When you reach the line containing "#74=VERTEX_POINT('',#73);" in the entries below, start writing out each line exactly, and stop after the line containing "#97=LINE('',#96,#95);".
━━ MATERIAL FOR THIS TASK
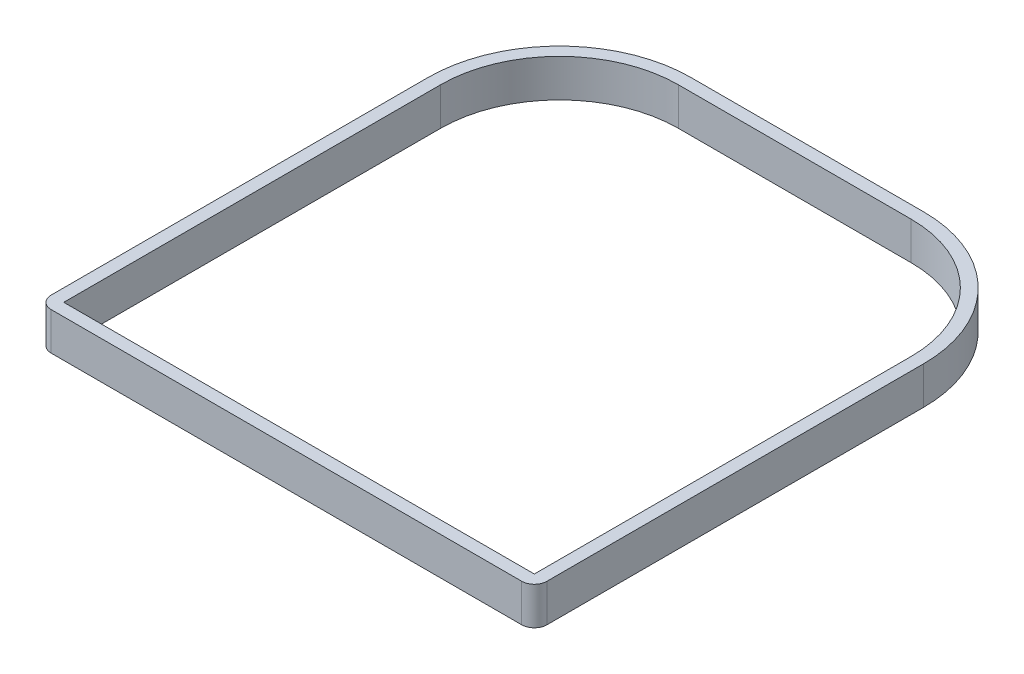
ISO-10303-21;
HEADER;
FILE_DESCRIPTION(('STEP AP214'),'2;1');
FILE_NAME('part.step','',(''),(''),'','','');
FILE_SCHEMA(('AUTOMOTIVE_DESIGN { 1 0 10303 214 1 1 1 1 }'));
ENDSEC;
DATA;
#1=APPLICATION_CONTEXT('core data for automotive mechanical design processes');
#2=APPLICATION_PROTOCOL_DEFINITION('international standard','automotive_design',2000,#1);
#3=PRODUCT_CONTEXT('',#1,'mechanical');
#4=PRODUCT('Part','Part','',(#3));
#5=PRODUCT_RELATED_PRODUCT_CATEGORY('part','',(#4));
#6=PRODUCT_DEFINITION_FORMATION('','',#4);
#7=PRODUCT_DEFINITION_CONTEXT('part definition',#1,'design');
#8=PRODUCT_DEFINITION('design','',#6,#7);
#9=PRODUCT_DEFINITION_SHAPE('','',#8);
#10=(LENGTH_UNIT() NAMED_UNIT(*) SI_UNIT(.MILLI.,.METRE.));
#11=(NAMED_UNIT(*) PLANE_ANGLE_UNIT() SI_UNIT($,.RADIAN.));
#12=(NAMED_UNIT(*) SI_UNIT($,.STERADIAN.) SOLID_ANGLE_UNIT());
#13=UNCERTAINTY_MEASURE_WITH_UNIT(LENGTH_MEASURE(1.E-05),#10,'distance_accuracy_value','');
#14=(GEOMETRIC_REPRESENTATION_CONTEXT(3) GLOBAL_UNCERTAINTY_ASSIGNED_CONTEXT((#13)) GLOBAL_UNIT_ASSIGNED_CONTEXT((#10,
#11,#12)) REPRESENTATION_CONTEXT('',''));
#15=CARTESIAN_POINT('',(0.,0.,0.));
#16=DIRECTION('',(0.,0.,1.));
#17=DIRECTION('',(1.,0.,0.));
#18=AXIS2_PLACEMENT_3D('',#15,#16,#17);
#19=CARTESIAN_POINT('',(-9.25,1.5,-9.25));
#20=DIRECTION('',(0.,1.,0.));
#21=DIRECTION('',(0.,0.,1.));
#22=AXIS2_PLACEMENT_3D('',#19,#20,#21);
#23=PLANE('',#22);
#24=DIRECTION('',(1.,0.,0.));
#25=VECTOR('',#24,1.);
#26=CARTESIAN_POINT('',(-19.7,1.5,21.7));
#27=LINE('',#26,#25);
#28=CARTESIAN_POINT('',(-18.7,1.5,21.7));
#29=VERTEX_POINT('',#28);
#30=CARTESIAN_POINT('',(18.7,1.5,21.7));
#31=VERTEX_POINT('',#30);
#32=EDGE_CURVE('E205',#29,#31,#27,.T.);
#33=ORIENTED_EDGE('',*,*,#32,.T.);
#34=CARTESIAN_POINT('',(18.7,1.5,20.7));
#35=DIRECTION('',(0.,1.,0.));
#36=DIRECTION('',(0.,0.,1.));
#37=AXIS2_PLACEMENT_3D('',#34,#35,#36);
#38=CIRCLE('',#37,1.);
#39=CARTESIAN_POINT('',(19.7,1.5,20.7));
#40=VERTEX_POINT('',#39);
#41=EDGE_CURVE('E48',#31,#40,#38,.T.);
#42=ORIENTED_EDGE('',*,*,#41,.T.);
#43=DIRECTION('',(0.,0.,-1.));
#44=VECTOR('',#43,1.);
#45=CARTESIAN_POINT('',(19.7,1.5,-9.25));
#46=LINE('',#45,#44);
#47=CARTESIAN_POINT('',(19.7,1.5,-9.25));
#48=VERTEX_POINT('',#47);
#49=EDGE_CURVE('E207',#40,#48,#46,.T.);
#50=ORIENTED_EDGE('',*,*,#49,.T.);
#51=CARTESIAN_POINT('',(9.25,1.5,-9.25));
#52=DIRECTION('',(0.,1.,0.));
#53=DIRECTION('',(0.,0.,1.));
#54=AXIS2_PLACEMENT_3D('',#51,#52,#53);
#55=CIRCLE('',#54,10.45);
#56=CARTESIAN_POINT('',(9.25,1.5,-19.7));
#57=VERTEX_POINT('',#56);
#58=EDGE_CURVE('E209',#48,#57,#55,.T.);
#59=ORIENTED_EDGE('',*,*,#58,.T.);
#60=DIRECTION('',(-1.,0.,0.));
#61=VECTOR('',#60,1.);
#62=CARTESIAN_POINT('',(-9.25,1.5,-19.7));
#63=LINE('',#62,#61);
#64=CARTESIAN_POINT('',(-9.25,1.5,-19.7));
#65=VERTEX_POINT('',#64);
#66=EDGE_CURVE('E211',#57,#65,#63,.T.);
#67=ORIENTED_EDGE('',*,*,#66,.T.);
#68=CARTESIAN_POINT('',(-9.25,1.5,-9.25));
#69=DIRECTION('',(0.,1.,0.));
#70=DIRECTION('',(0.,0.,1.));
#71=AXIS2_PLACEMENT_3D('',#68,#69,#70);
#72=CIRCLE('',#71,10.45);
#73=CARTESIAN_POINT('',(-19.7,1.5,-9.25));
#74=VERTEX_POINT('',#73);
#75=EDGE_CURVE('E199',#65,#74,#72,.T.);
#76=ORIENTED_EDGE('',*,*,#75,.T.);
#77=DIRECTION('',(0.,0.,1.));
#78=VECTOR('',#77,1.);
#79=CARTESIAN_POINT('',(-19.7,1.5,-9.25));
#80=LINE('',#79,#78);
#81=CARTESIAN_POINT('',(-19.7,1.5,20.7));
#82=VERTEX_POINT('',#81);
#83=EDGE_CURVE('E202',#74,#82,#80,.T.);
#84=ORIENTED_EDGE('',*,*,#83,.T.);
#85=CARTESIAN_POINT('',(-18.7,1.5,20.7));
#86=DIRECTION('',(0.,1.,0.));
#87=DIRECTION('',(0.,0.,1.));
#88=AXIS2_PLACEMENT_3D('',#85,#86,#87);
#89=CIRCLE('',#88,1.);
#90=EDGE_CURVE('E247',#82,#29,#89,.T.);
#91=ORIENTED_EDGE('',*,*,#90,.T.);
#92=EDGE_LOOP('',(#33,#42,#50,#59,#67,#76,#84,#91));
#93=FACE_BOUND('',#92,.T.);
#94=DIRECTION('',(0.,0.,1.));
#95=VECTOR('',#94,1.);
#96=CARTESIAN_POINT('',(-18.7,1.5,-9.25));
#97=LINE('',#96,#95);
#98=CARTESIAN_POINT('',(-18.7,1.5,-9.25));
#99=VERTEX_POINT('',#98);
#100=CARTESIAN_POINT('',(-18.7,1.5,20.7));
#101=VERTEX_POINT('',#100);
#102=EDGE_CURVE('E153',#99,#101,#97,.T.);
#103=ORIENTED_EDGE('',*,*,#102,.F.);
#104=CARTESIAN_POINT('',(-9.25,1.5,-9.25));
#105=DIRECTION('',(0.,1.,0.));
#106=DIRECTION('',(0.,0.,1.));
#107=AXIS2_PLACEMENT_3D('',#104,#105,#106);
#108=CIRCLE('',#107,9.45);
#109=CARTESIAN_POINT('',(-9.25,1.5,-18.7));
#110=VERTEX_POINT('',#109);
#111=EDGE_CURVE('E143',#110,#99,#108,.T.);
#112=ORIENTED_EDGE('',*,*,#111,.F.);
#113=DIRECTION('',(-1.,0.,0.));
#114=VECTOR('',#113,1.);
#115=CARTESIAN_POINT('',(-9.25,1.5,-18.7));
#116=LINE('',#115,#114);
#117=CARTESIAN_POINT('',(9.25,1.5,-18.7));
#118=VERTEX_POINT('',#117);
#119=EDGE_CURVE('E175',#118,#110,#116,.T.);
#120=ORIENTED_EDGE('',*,*,#119,.F.);
#121=CARTESIAN_POINT('',(9.25,1.5,-9.25));
#122=DIRECTION('',(0.,1.,0.));
#123=DIRECTION('',(0.,0.,1.));
#124=AXIS2_PLACEMENT_3D('',#121,#122,#123);
#125=CIRCLE('',#124,9.45);
#126=CARTESIAN_POINT('',(18.7,1.5,-9.25));
#127=VERTEX_POINT('',#126);
#128=EDGE_CURVE('E172',#127,#118,#125,.T.);
#129=ORIENTED_EDGE('',*,*,#128,.F.);
#130=DIRECTION('',(0.,0.,-1.));
#131=VECTOR('',#130,1.);
#132=CARTESIAN_POINT('',(18.7,1.5,-9.25));
#133=LINE('',#132,#131);
#134=CARTESIAN_POINT('',(18.7,1.5,20.7));
#135=VERTEX_POINT('',#134);
#136=EDGE_CURVE('E168',#135,#127,#133,.T.);
#137=ORIENTED_EDGE('',*,*,#136,.F.);
#138=DIRECTION('',(1.,0.,0.));
#139=VECTOR('',#138,1.);
#140=CARTESIAN_POINT('',(-18.7,1.5,20.7));
#141=LINE('',#140,#139);
#142=EDGE_CURVE('E166',#101,#135,#141,.T.);
#143=ORIENTED_EDGE('',*,*,#142,.F.);
#144=EDGE_LOOP('',(#103,#112,#120,#129,#137,#143));
#145=FACE_BOUND('',#144,.T.);
#146=ADVANCED_FACE('F40',(#93,#145),#23,.T.);
#147=CARTESIAN_POINT('',(-9.25,-1.5,-9.25));
#148=DIRECTION('',(0.,1.,0.));
#149=DIRECTION('',(0.,0.,1.));
#150=AXIS2_PLACEMENT_3D('',#147,#148,#149);
#151=PLANE('',#150);
#152=DIRECTION('',(0.,0.,-1.));
#153=VECTOR('',#152,1.);
#154=CARTESIAN_POINT('',(19.7,-1.5,-9.25));
#155=LINE('',#154,#153);
#156=CARTESIAN_POINT('',(19.7,-1.5,20.7));
#157=VERTEX_POINT('',#156);
#158=CARTESIAN_POINT('',(19.7,-1.5,-9.25));
#159=VERTEX_POINT('',#158);
#160=EDGE_CURVE('E220',#157,#159,#155,.T.);
#161=ORIENTED_EDGE('',*,*,#160,.F.);
#162=CARTESIAN_POINT('',(18.7,-1.5,20.7));
#163=DIRECTION('',(0.,1.,0.));
#164=DIRECTION('',(0.,0.,1.));
#165=AXIS2_PLACEMENT_3D('',#162,#163,#164);
#166=CIRCLE('',#165,1.);
#167=CARTESIAN_POINT('',(18.7,-1.5,21.7));
#168=VERTEX_POINT('',#167);
#169=EDGE_CURVE('E241',#157,#168,#166,.F.);
#170=ORIENTED_EDGE('',*,*,#169,.T.);
#171=DIRECTION('',(1.,0.,0.));
#172=VECTOR('',#171,1.);
#173=CARTESIAN_POINT('',(-19.7,-1.5,21.7));
#174=LINE('',#173,#172);
#175=CARTESIAN_POINT('',(-18.7,-1.5,21.7));
#176=VERTEX_POINT('',#175);
#177=EDGE_CURVE('E218',#176,#168,#174,.T.);
#178=ORIENTED_EDGE('',*,*,#177,.F.);
#179=CARTESIAN_POINT('',(-18.7,-1.5,20.7));
#180=DIRECTION('',(0.,1.,0.));
#181=DIRECTION('',(0.,0.,1.));
#182=AXIS2_PLACEMENT_3D('',#179,#180,#181);
#183=CIRCLE('',#182,1.);
#184=CARTESIAN_POINT('',(-19.7,-1.5,20.7));
#185=VERTEX_POINT('',#184);
#186=EDGE_CURVE('E239',#176,#185,#183,.F.);
#187=ORIENTED_EDGE('',*,*,#186,.T.);
#188=DIRECTION('',(0.,0.,1.));
#189=VECTOR('',#188,1.);
#190=CARTESIAN_POINT('',(-19.7,-1.5,-9.25));
#191=LINE('',#190,#189);
#192=CARTESIAN_POINT('',(-19.7,-1.5,-9.25));
#193=VERTEX_POINT('',#192);
#194=EDGE_CURVE('E216',#193,#185,#191,.T.);
#195=ORIENTED_EDGE('',*,*,#194,.F.);
#196=CARTESIAN_POINT('',(-9.25,-1.5,-9.25));
#197=DIRECTION('',(0.,1.,0.));
#198=DIRECTION('',(0.,0.,1.));
#199=AXIS2_PLACEMENT_3D('',#196,#197,#198);
#200=CIRCLE('',#199,10.45);
#201=CARTESIAN_POINT('',(-9.25,-1.5,-19.7));
#202=VERTEX_POINT('',#201);
#203=EDGE_CURVE('E161',#202,#193,#200,.T.);
#204=ORIENTED_EDGE('',*,*,#203,.F.);
#205=DIRECTION('',(-1.,0.,0.));
#206=VECTOR('',#205,1.);
#207=CARTESIAN_POINT('',(-9.25,-1.5,-19.7));
#208=LINE('',#207,#206);
#209=CARTESIAN_POINT('',(9.25,-1.5,-19.7));
#210=VERTEX_POINT('',#209);
#211=EDGE_CURVE('E203',#210,#202,#208,.T.);
#212=ORIENTED_EDGE('',*,*,#211,.F.);
#213=CARTESIAN_POINT('',(9.25,-1.5,-9.25));
#214=DIRECTION('',(0.,1.,0.));
#215=DIRECTION('',(0.,0.,1.));
#216=AXIS2_PLACEMENT_3D('',#213,#214,#215);
#217=CIRCLE('',#216,10.45);
#218=EDGE_CURVE('E222',#159,#210,#217,.T.);
#219=ORIENTED_EDGE('',*,*,#218,.F.);
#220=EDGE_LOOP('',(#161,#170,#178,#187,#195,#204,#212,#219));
━━━━
*EXERCISE SOLUTION*
#74=VERTEX_POINT('',#73);
#75=EDGE_CURVE('E199',#65,#74,#72,.T.);
#76=ORIENTED_EDGE('',*,*,#75,.T.);
#77=DIRECTION('',(0.,0.,1.));
#78=VECTOR('',#77,1.);
#79=CARTESIAN_POINT('',(-19.7,1.5,-9.25));
#80=LINE('',#79,#78);
#81=CARTESIAN_POINT('',(-19.7,1.5,20.7));
#82=VERTEX_POINT('',#81);
#83=EDGE_CURVE('E202',#74,#82,#80,.T.);
#84=ORIENTED_EDGE('',*,*,#83,.T.);
#85=CARTESIAN_POINT('',(-18.7,1.5,20.7));
#86=DIRECTION('',(0.,1.,0.));
#87=DIRECTION('',(0.,0.,1.));
#88=AXIS2_PLACEMENT_3D('',#85,#86,#87);
#89=CIRCLE('',#88,1.);
#90=EDGE_CURVE('E247',#82,#29,#89,.T.);
#91=ORIENTED_EDGE('',*,*,#90,.T.);
#92=EDGE_LOOP('',(#33,#42,#50,#59,#67,#76,#84,#91));
#93=FACE_BOUND('',#92,.T.);
#94=DIRECTION('',(0.,0.,1.));
#95=VECTOR('',#94,1.);
#96=CARTESIAN_POINT('',(-18.7,1.5,-9.25));
#97=LINE('',#96,#95);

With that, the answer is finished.